Nothing values in constraints

How to handle variables that have “null” value, in constraint expressions. For example in Excel when we have an expression a*b + c, and b = empty, then Excel will just return c. How can we handle such expressions in constraints for optimization.

Another example is MAX(a,b,c) abd b is empty then it should return MAX(a,c)?

Looking forward to your advice.

The best way to do this is case-by-case. Why is it best? Well, consider the two examples you gave. In the first example, a * b + c, an empty b should act like zero. Whereas in your second case, max(a, b, c), an empty b should NOT act like zero. So you want different behaviours.
The reality is that the “expected behaviour” in these cases is completely idiosyncratic, and if you gather ten people and ask them, you’ll get 11 opinions. For example, I would argue that in the a * b + c case, an empty b should act like one (the multiplicative identity), not zero. But arguing this is pointless, because different defaults makes sense in different situations.

Concretely, to handle it, you have two options:

  1. Encode the potential ‘emptiness’ into the type system. So, you could have b::Union{Float32, Nothing}, and then handle the nothing case explicitly, like this:
y = isnothing(b) ? c : a * b + c

This solution is less bug-prone and can be analyzed with static analysers. Though it can be a bit verbose.

  1. Pick a sentinel value of the same type as b, and check it. For example, you could pick typemin(typeof(b)) if b isa Integer, or NaN32 if b isa Float32. Then you would do:
y = isnan(b) ? c : a * b + c

This is usually more computationally efficient, because b now has a single concrete type, which enables more memory optimisations. However, this approach has a greater risk of bugs, because there is nothing in the type system that keeps you from forgetting that b may be empty.

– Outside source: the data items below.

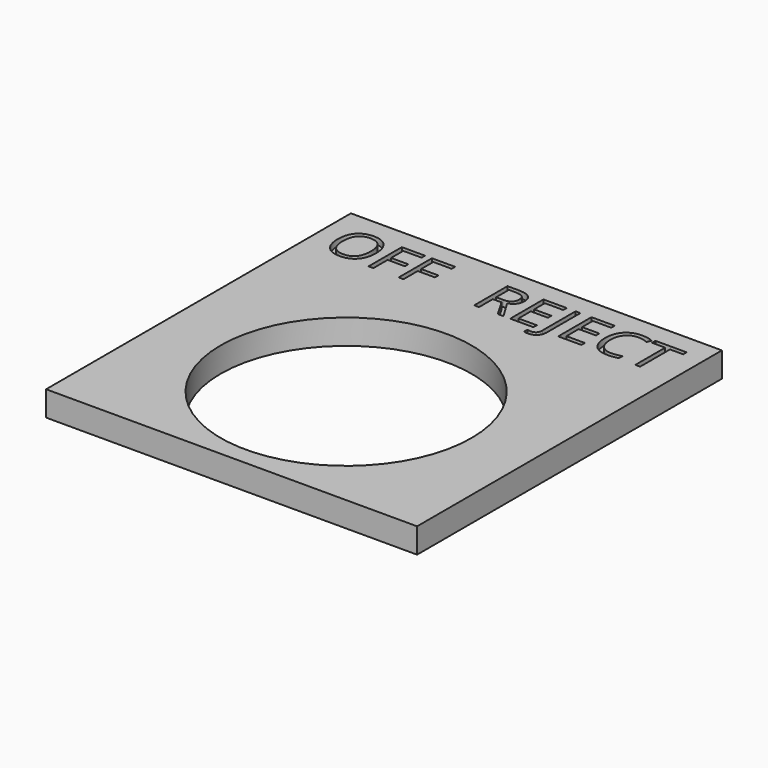
from build123d import *

# Parameters (mm, degrees)
F0_W         = 45.2628
F0_H         = 46.482
F0_R         = 15.3035
F1_DEPTH     = 3.048
F2_TEXT_SIZE = 7.1105756108
F3_DEPTH     = 0.762


# Not quite as in the source:
# - Text() gives the source's letters only with a copy of the font that has no kerning and outlines rounded to 1/6400 em; it was checked with that copy


with BuildPart() as f1:
    # F0 (on Top) → F1 (new body)
    with BuildSketch(Plane.XY):
        with Locations((0, 5.7785)):
            Rectangle(F0_W, F0_H)
        Circle(F0_R, mode=Mode.SUBTRACT)
    extrude(amount=F1_DEPTH)

    # F2 (on face) → F3 (cut)
    with BuildSketch(Plane.XY.offset(3.048)):
        with Locations((-20.7184396859, 21.529081914)):
            Text('OFF   REJECT', F2_TEXT_SIZE, font='Open Sans', text_align=(TextAlign.LEFT, TextAlign.BOTTOM))
    extrude(amount=-F3_DEPTH, mode=Mode.SUBTRACT)


solid = f1.part
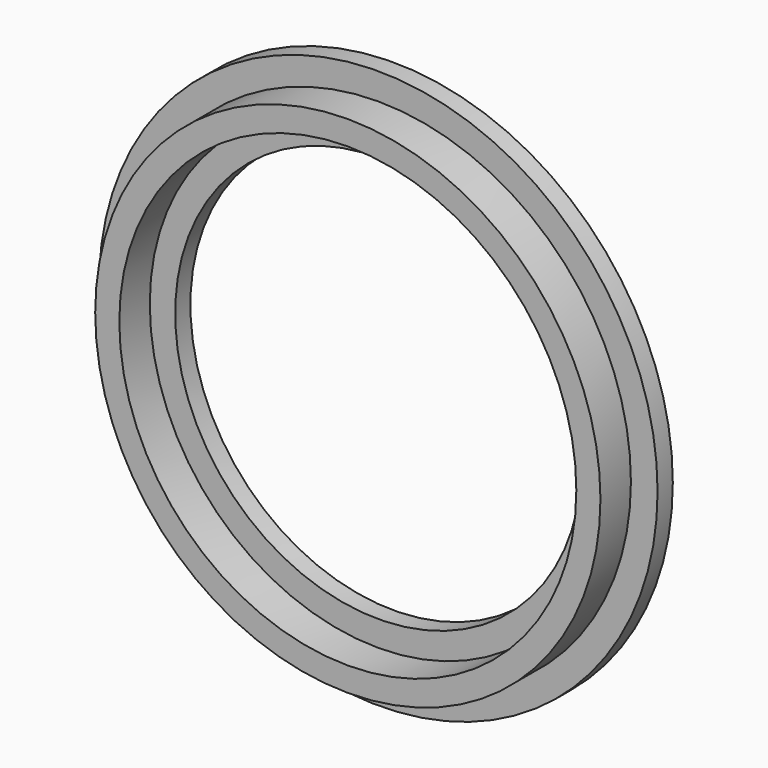
from build123d import *

# Parameters (mm, degrees)
F0_R     = 22
F0_R_2   = 16
F1_DEPTH = 1.5
F2_R     = 19.9
F2_R_2   = 18
F3_DEPTH = 3


# Not quite as in the source:
# - a feature names something its author has since deleted; it is built from what else it names


with BuildPart() as f1:
    # F0 (on Front) → F1 (new body)
    with BuildSketch(Plane.XZ):
        Circle(F0_R)
        Circle(F0_R_2, mode=Mode.SUBTRACT)
    extrude(amount=F1_DEPTH)

    # F2 (on face) → F3 (join)
    with BuildSketch(Plane.XZ.offset(1.5)):
        Circle(F2_R)
        Circle(F2_R_2, mode=Mode.SUBTRACT)
    extrude(amount=F3_DEPTH)


solid = f1.part
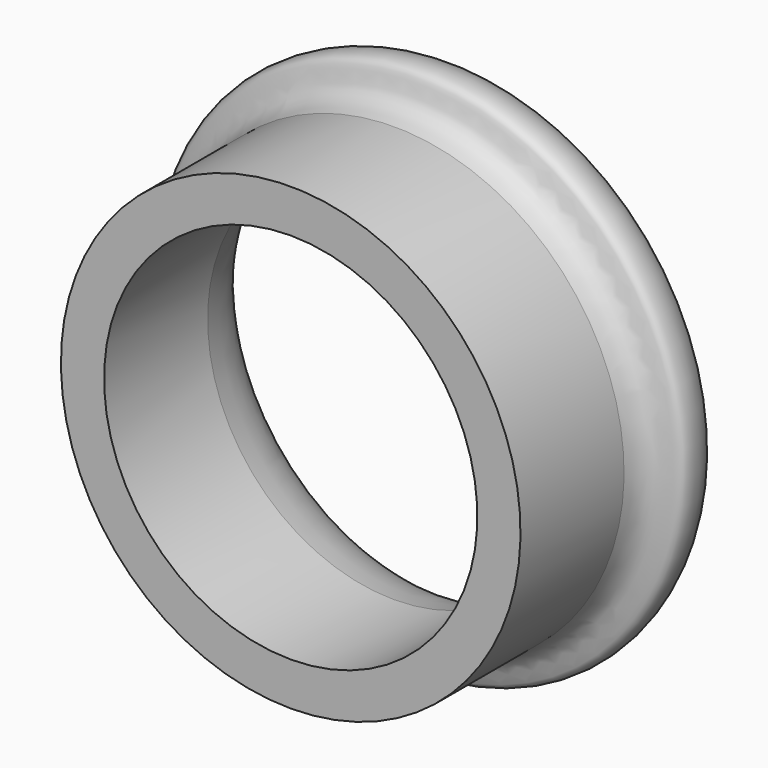
from build123d import *


with BuildPart() as f2:
    # F0 (on Right) → F2 (revolve)
    with BuildSketch(Plane.YZ):
        with BuildLine():
            Line((-12.3609009758, -43.25), (-12.3609009758, -53.25))
            Line((-12.3609009758, -53.25), (17.6390990242, -53.25))
            add(Edge.make_bspline(
                [(17.618613781, -43.25), (31.8222021326, -44.8877685905), (42.0131757878, -59.1744012288), (21.0233819627, -64.2057192342), (25.0903449501, -54.5590444197), (17.6390990242, -53.25)],
                knots=[0, 0, 0, 0, 0.4236601599, 0.7086548564, 1, 1, 1, 1], degree=3))
            Line((17.618613781, -43.25), (-12.3609009758, -43.25))
        make_face()
    revolve(axis=Axis((0, 37.7449579537, 0), (0, 1, 0)))


solid = f2.part

Edit: Julia does have a built-in type for this, namely missing. But I strongly dislike it, and think missing is a huge misfeature. The problem is - you guessed it - that the behaviour of missing is usually inappropriate in a given situation, because the umbrella concept of ‘missing data’ is really 100 subtly different things that need to be handled differently, and assigning it the same type with the same default behaviour doesn’t make sense, and only serves to misguide the user. Furthermore, missing is particularly poorly designed for two reasons:

  1. It propagates across functions, meaning it causes bugs to appear far from where they originated. This is bad for debugging errors.
  2. By design, methods with missing violates the contracts of the function. For example, the documentation of isodd gives its signature as isodd(x::Number)::Bool, and yet we have isodd(missing)::Missing. This causes real life bugs, and also overly defense programming in response.

So don’t use missing.

2 Likes

Thanks for the response. But the issue I have further is , that either of a or b or c can be nothing.. so we will not be able to provide a generic way to handle nulls in expressions? In finance there is a explicit need for handling this kind of expressions so that we can not assume that all empty values are zeros. What would be an ideal solution in this case?

You can easily define your own null types. The issue is that there is no agreement on what nulls should do in different situations. But for your own applications, you can define a null type, and it’s behaviour just like you want it.

So you could do something like

struct Null end
const null = Null()

# define methods to control how it behaves
Base.:*(::Null, ::Number) = null
Base.:*(::Number, ::Null) = null
Base.:*(::Null, ::Null) = null

Base.:+(::Null, a::Number) = a
[ ... more methods ]

And then have your variables be of type Union{Float32, Null}.

The existing “out of the box” null types are nothing, whose default behavior is to error when used in functions, and missing, whose default behaviour is to return missing when used in functions. This may or may not be the behaviour you are looking for.

I will start by saying that this pattern is not one most users often find a need for. Personally, I’m not sure I ever have. There is probably a more ergonomic way to achieve what you’re after than solving it at this particular level. But I’ve provided some (not-entirely-lovely) options below anyway:

In some cases you can do things like maximum(z for z in (a,b,c) if !isnothing(z)) if encoding via nothing. If encoding with missing, you can do either that same pattern or the equivalent maximum(skipmissing((a,b,c))). In other cases you can do things like something(a, 0) * something(b, 0) + something(c, 0) to replace a nothing among the inputs with 0 (coalesce is the equivalent for missing).